----- Extracted information -----
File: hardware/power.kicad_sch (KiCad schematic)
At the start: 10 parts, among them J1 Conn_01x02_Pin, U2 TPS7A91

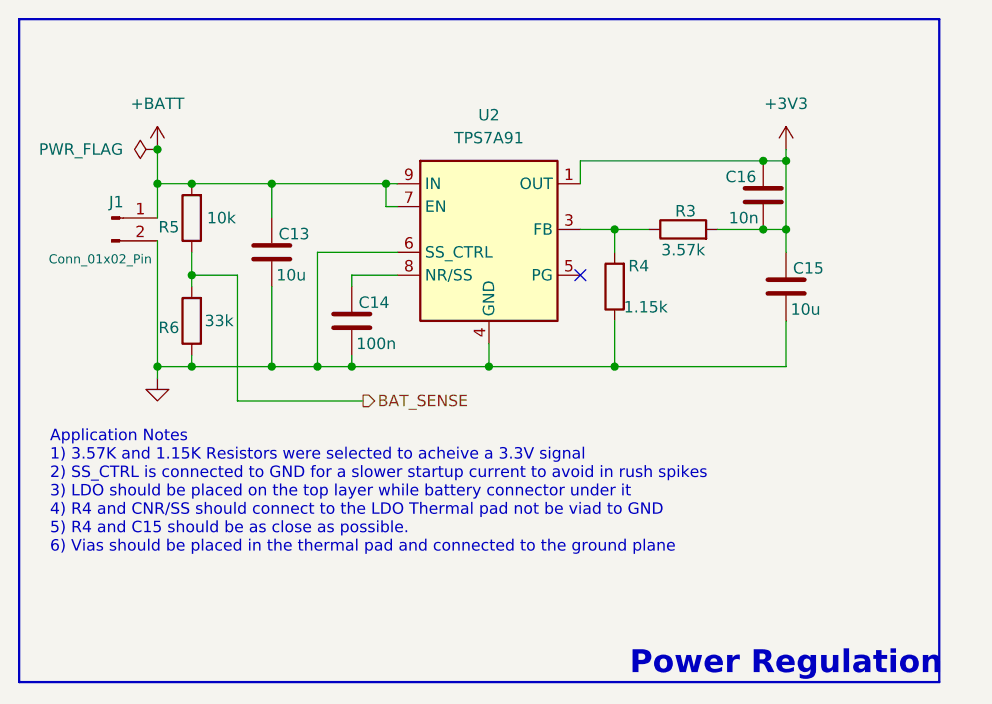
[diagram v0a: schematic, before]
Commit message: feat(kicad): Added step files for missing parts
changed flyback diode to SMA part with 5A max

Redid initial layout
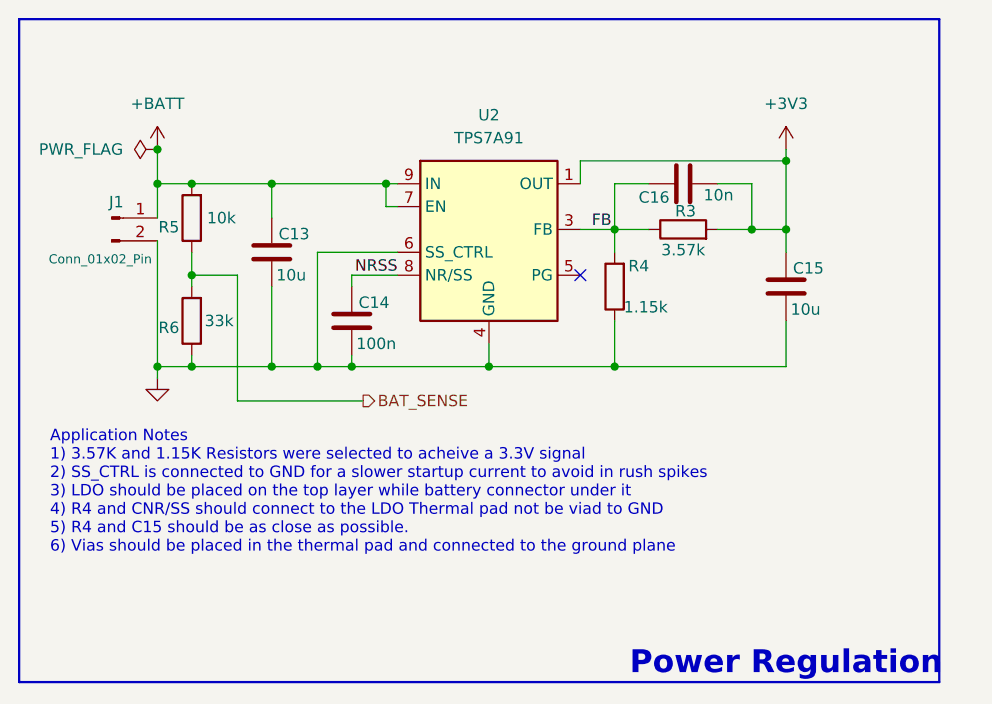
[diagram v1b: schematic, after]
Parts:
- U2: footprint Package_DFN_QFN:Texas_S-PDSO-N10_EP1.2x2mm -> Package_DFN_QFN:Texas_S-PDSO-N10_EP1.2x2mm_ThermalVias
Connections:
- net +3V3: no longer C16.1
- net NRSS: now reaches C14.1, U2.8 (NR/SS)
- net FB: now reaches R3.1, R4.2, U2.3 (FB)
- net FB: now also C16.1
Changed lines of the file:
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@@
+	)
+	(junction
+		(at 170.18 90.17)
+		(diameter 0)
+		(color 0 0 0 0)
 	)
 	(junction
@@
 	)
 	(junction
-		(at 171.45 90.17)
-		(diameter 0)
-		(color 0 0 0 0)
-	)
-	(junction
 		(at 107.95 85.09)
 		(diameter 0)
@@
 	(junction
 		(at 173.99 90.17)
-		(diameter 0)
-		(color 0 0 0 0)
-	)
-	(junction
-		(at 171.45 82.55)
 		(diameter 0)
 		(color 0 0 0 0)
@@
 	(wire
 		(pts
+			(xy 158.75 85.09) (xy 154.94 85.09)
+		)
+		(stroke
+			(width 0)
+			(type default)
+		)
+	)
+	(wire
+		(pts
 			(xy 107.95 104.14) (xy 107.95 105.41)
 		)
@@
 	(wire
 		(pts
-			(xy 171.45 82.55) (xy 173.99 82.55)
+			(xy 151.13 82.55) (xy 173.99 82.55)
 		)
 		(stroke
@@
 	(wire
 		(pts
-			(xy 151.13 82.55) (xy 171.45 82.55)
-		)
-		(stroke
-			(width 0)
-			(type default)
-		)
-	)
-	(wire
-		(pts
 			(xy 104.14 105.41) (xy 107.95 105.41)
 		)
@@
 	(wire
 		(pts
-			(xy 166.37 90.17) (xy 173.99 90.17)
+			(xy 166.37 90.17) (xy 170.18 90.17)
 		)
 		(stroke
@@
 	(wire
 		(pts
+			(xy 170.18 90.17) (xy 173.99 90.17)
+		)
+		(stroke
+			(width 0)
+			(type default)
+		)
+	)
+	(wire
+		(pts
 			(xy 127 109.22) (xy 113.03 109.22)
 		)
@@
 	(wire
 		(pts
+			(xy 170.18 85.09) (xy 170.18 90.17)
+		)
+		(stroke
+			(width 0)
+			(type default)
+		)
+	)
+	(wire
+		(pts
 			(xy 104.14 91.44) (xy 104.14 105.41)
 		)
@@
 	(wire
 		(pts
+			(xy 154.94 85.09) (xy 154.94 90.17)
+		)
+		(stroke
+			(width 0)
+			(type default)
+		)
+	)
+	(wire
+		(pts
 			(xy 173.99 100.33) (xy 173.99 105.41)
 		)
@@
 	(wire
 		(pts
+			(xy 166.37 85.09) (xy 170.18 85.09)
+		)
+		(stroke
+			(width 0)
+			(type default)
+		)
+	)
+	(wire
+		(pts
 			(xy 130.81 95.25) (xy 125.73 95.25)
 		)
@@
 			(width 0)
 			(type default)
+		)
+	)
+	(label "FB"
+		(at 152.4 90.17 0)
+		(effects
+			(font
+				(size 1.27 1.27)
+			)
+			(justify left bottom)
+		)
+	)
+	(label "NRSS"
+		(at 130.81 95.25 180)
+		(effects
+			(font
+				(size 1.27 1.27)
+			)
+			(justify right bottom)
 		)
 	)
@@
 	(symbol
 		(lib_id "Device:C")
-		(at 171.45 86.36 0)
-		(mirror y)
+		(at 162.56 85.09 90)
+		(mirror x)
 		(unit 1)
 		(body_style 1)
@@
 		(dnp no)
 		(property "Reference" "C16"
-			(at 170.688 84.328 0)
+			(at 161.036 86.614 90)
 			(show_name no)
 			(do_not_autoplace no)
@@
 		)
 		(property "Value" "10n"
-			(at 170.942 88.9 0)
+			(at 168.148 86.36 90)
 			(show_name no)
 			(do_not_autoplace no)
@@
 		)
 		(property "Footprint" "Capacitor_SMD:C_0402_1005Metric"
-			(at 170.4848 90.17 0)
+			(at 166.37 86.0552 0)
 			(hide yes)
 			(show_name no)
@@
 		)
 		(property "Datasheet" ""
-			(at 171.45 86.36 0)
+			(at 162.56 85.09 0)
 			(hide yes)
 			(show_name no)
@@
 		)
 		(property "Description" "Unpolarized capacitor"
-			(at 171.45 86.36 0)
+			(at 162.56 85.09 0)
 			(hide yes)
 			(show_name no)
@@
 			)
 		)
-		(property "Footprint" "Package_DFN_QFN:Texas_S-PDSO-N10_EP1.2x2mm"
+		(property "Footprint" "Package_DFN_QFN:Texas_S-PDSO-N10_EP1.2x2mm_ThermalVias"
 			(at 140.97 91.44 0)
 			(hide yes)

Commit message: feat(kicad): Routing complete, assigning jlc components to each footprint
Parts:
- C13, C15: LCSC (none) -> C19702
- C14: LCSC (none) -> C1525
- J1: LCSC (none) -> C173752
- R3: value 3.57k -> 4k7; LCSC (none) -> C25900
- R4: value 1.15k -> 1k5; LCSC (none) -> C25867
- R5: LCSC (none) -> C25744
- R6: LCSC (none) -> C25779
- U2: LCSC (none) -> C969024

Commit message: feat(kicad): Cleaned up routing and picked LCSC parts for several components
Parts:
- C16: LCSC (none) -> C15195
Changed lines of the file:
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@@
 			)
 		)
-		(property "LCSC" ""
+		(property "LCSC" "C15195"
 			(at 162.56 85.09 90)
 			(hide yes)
-----
Goal of the exercise: Set down the records in full and exactly. Do not carry over any image.

Solution for this task:
File: hardware/power.kicad_sch (KiCad schematic)
At the start: 10 parts, among them J1 Conn_01x02_Pin, U2 TPS7A91

[diagram v0a: schematic, before]
Commit message: feat(kicad): Added step files for missing parts
changed flyback diode to SMA part with 5A max

Redid initial layout
[diagram v1b: schematic, after]
Parts:
- U2: footprint Package_DFN_QFN:Texas_S-PDSO-N10_EP1.2x2mm -> Package_DFN_QFN:Texas_S-PDSO-N10_EP1.2x2mm_ThermalVias
Connections:
- net +3V3: no longer C16.1
- net NRSS: now reaches C14.1, U2.8 (NR/SS)
- net FB: now reaches R3.1, R4.2, U2.3 (FB)
- net FB: now also C16.1
Changed lines of the file:
@@
+	)
+	(junction
+		(at 170.18 90.17)
+		(diameter 0)
+		(color 0 0 0 0)
 	)
 	(junction
@@
 	)
 	(junction
-		(at 171.45 90.17)
-		(diameter 0)
-		(color 0 0 0 0)
-	)
-	(junction
 		(at 107.95 85.09)
 		(diameter 0)
@@
 	(junction
 		(at 173.99 90.17)
-		(diameter 0)
-		(color 0 0 0 0)
-	)
-	(junction
-		(at 171.45 82.55)
 		(diameter 0)
 		(color 0 0 0 0)
@@
 	(wire
 		(pts
+			(xy 158.75 85.09) (xy 154.94 85.09)
+		)
+		(stroke
+			(width 0)
+			(type default)
+		)
+	)
+	(wire
+		(pts
 			(xy 107.95 104.14) (xy 107.95 105.41)
 		)
@@
 	(wire
 		(pts
-			(xy 171.45 82.55) (xy 173.99 82.55)
+			(xy 151.13 82.55) (xy 173.99 82.55)
 		)
 		(stroke
@@
 	(wire
 		(pts
-			(xy 151.13 82.55) (xy 171.45 82.55)
-		)
-		(stroke
-			(width 0)
-			(type default)
-		)
-	)
-	(wire
-		(pts
 			(xy 104.14 105.41) (xy 107.95 105.41)
 		)
@@
 	(wire
 		(pts
-			(xy 166.37 90.17) (xy 173.99 90.17)
+			(xy 166.37 90.17) (xy 170.18 90.17)
 		)
 		(stroke
@@
 	(wire
 		(pts
+			(xy 170.18 90.17) (xy 173.99 90.17)
+		)
+		(stroke
+			(width 0)
+			(type default)
+		)
+	)
+	(wire
+		(pts
 			(xy 127 109.22) (xy 113.03 109.22)
 		)
@@
 	(wire
 		(pts
+			(xy 170.18 85.09) (xy 170.18 90.17)
+		)
+		(stroke
+			(width 0)
+			(type default)
+		)
+	)
+	(wire
+		(pts
 			(xy 104.14 91.44) (xy 104.14 105.41)
 		)
@@
 	(wire
 		(pts
+			(xy 154.94 85.09) (xy 154.94 90.17)
+		)
+		(stroke
+			(width 0)
+			(type default)
+		)
+	)
+	(wire
+		(pts
 			(xy 173.99 100.33) (xy 173.99 105.41)
 		)
@@
 	(wire
 		(pts
+			(xy 166.37 85.09) (xy 170.18 85.09)
+		)
+		(stroke
+			(width 0)
+			(type default)
+		)
+	)
+	(wire
+		(pts
 			(xy 130.81 95.25) (xy 125.73 95.25)
 		)
@@
 			(width 0)
 			(type default)
+		)
+	)
+	(label "FB"
+		(at 152.4 90.17 0)
+		(effects
+			(font
+				(size 1.27 1.27)
+			)
+			(justify left bottom)
+		)
+	)
+	(label "NRSS"
+		(at 130.81 95.25 180)
+		(effects
+			(font
+				(size 1.27 1.27)
+			)
+			(justify right bottom)
 		)
 	)
@@
 	(symbol
 		(lib_id "Device:C")
-		(at 171.45 86.36 0)
-		(mirror y)
+		(at 162.56 85.09 90)
+		(mirror x)
 		(unit 1)
 		(body_style 1)
@@
 		(dnp no)
 		(property "Reference" "C16"
-			(at 170.688 84.328 0)
+			(at 161.036 86.614 90)
 			(show_name no)
 			(do_not_autoplace no)
@@
 		)
 		(property "Value" "10n"
-			(at 170.942 88.9 0)
+			(at 168.148 86.36 90)
 			(show_name no)
 			(do_not_autoplace no)
@@
 		)
 		(property "Footprint" "Capacitor_SMD:C_0402_1005Metric"
-			(at 170.4848 90.17 0)
+			(at 166.37 86.0552 0)
 			(hide yes)
 			(show_name no)
@@
 		)
 		(property "Datasheet" ""
-			(at 171.45 86.36 0)
+			(at 162.56 85.09 0)
 			(hide yes)
 			(show_name no)
@@
 		)
 		(property "Description" "Unpolarized capacitor"
-			(at 171.45 86.36 0)
+			(at 162.56 85.09 0)
 			(hide yes)
 			(show_name no)
@@
 			)
 		)
-		(property "Footprint" "Package_DFN_QFN:Texas_S-PDSO-N10_EP1.2x2mm"
+		(property "Footprint" "Package_DFN_QFN:Texas_S-PDSO-N10_EP1.2x2mm_ThermalVias"
 			(at 140.97 91.44 0)
 			(hide yes)

Commit message: feat(kicad): Routing complete, assigning jlc components to each footprint
Parts:
- C13, C15: LCSC (none) -> C19702
- C14: LCSC (none) -> C1525
- J1: LCSC (none) -> C173752
- R3: value 3.57k -> 4k7; LCSC (none) -> C25900
- R4: value 1.15k -> 1k5; LCSC (none) -> C25867
- R5: LCSC (none) -> C25744
- R6: LCSC (none) -> C25779
- U2: LCSC (none) -> C969024

Commit message: feat(kicad): Cleaned up routing and picked LCSC parts for several components
Parts:
- C16: LCSC (none) -> C15195
Changed lines of the file:
@@
 			)
 		)
-		(property "LCSC" ""
+		(property "LCSC" "C15195"
 			(at 162.56 85.09 90)
 			(hide yes)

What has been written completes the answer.